THE PROBLEM> Wherever a line holds the word "blind", copy that line from the data.

GIVEN RECORDS>

◇ ◇ ◇ ◇ ◇ ◇ ◇

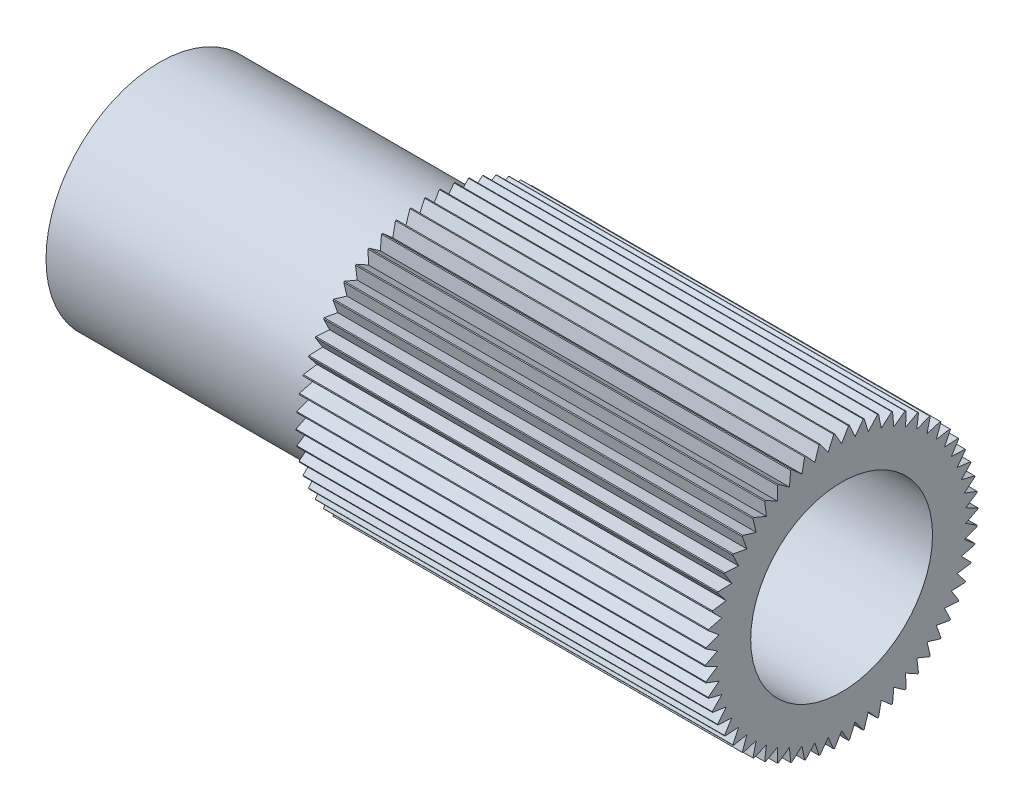
SolidWorks part; units mm, degrees
ref_plane "Alzado" through (0, 0, 0) normal (0, 0, 1) x (1, 0, 0)
ref_plane "Planta" through (0, 0, 0) normal (0, 1, 0) x (1, 0, 0)
ref_plane "Vista lateral" through (0, 0, 0) normal (1, 0, 0) x (0, 0, -1)
sketch "Croquis1" plane through (0, 0, 0) normal (1, 0, 0) x (0, 0, -1)
  circle A3 centre (0, 0) radius 1.5
  dimension "D1" = 3
extrude "Extruir1" add sketch "Croquis1" along normal blind 4.5
sketch "Croquis3" plane through (0, 0, 0) normal (-1, 0, 0) x (0, 0, 1)
  circle A0 centre (0, 0) radius 1.25
  dimension "D1" = 2.5
extrude "Extruir2" add sketch "Croquis3" along normal blind 3
sketch "Croquis4" plane through (4.5, 0, 0) normal (1, 0, 0) x (0, 0, -1)
  circle A0 centre (0, 0) radius 1
  dimension "D1" = 2
extrude "Extruir3" cut sketch "Croquis4" against normal blind 4
sketch "Croquis6" plane through (4.5, 0, 0) normal (1, 0, 0) x (0, 0, -1)
  line L0 (0, 1.3665) -> (-0.0759, 1.4981)
  line L1 (0, 1.3665) -> (0.076, 1.4981)
  circle A0 centre (0, 0) radius 1 construction
  circle A1 centre (0, 0) radius 1.5 construction
  arc A2 (0.076, 1.4981) -> (-0.0759, 1.4981) centre (0, 0) ccw
  dimension "D1" = 60
  dimension "D2" = 0.076
  dimension "D3" = 0.0759
extrude "Extruir5" cut sketch "Croquis6" against normal through all
pattern_circular "MatrizC1" count 58 over 360 about axis through (0, 0, 0) along (1, 0, 0) of "Extruir5"

◇ ◇ ◇ ◇ ◇ ◇ ◇

ANSWER TO THE PROBLEM>
extrude "Extruir1" add sketch "Croquis1" along normal blind 4.5
extrude "Extruir2" add sketch "Croquis3" along normal blind 3
extrude "Extruir3" cut sketch "Croquis4" against normal blind 4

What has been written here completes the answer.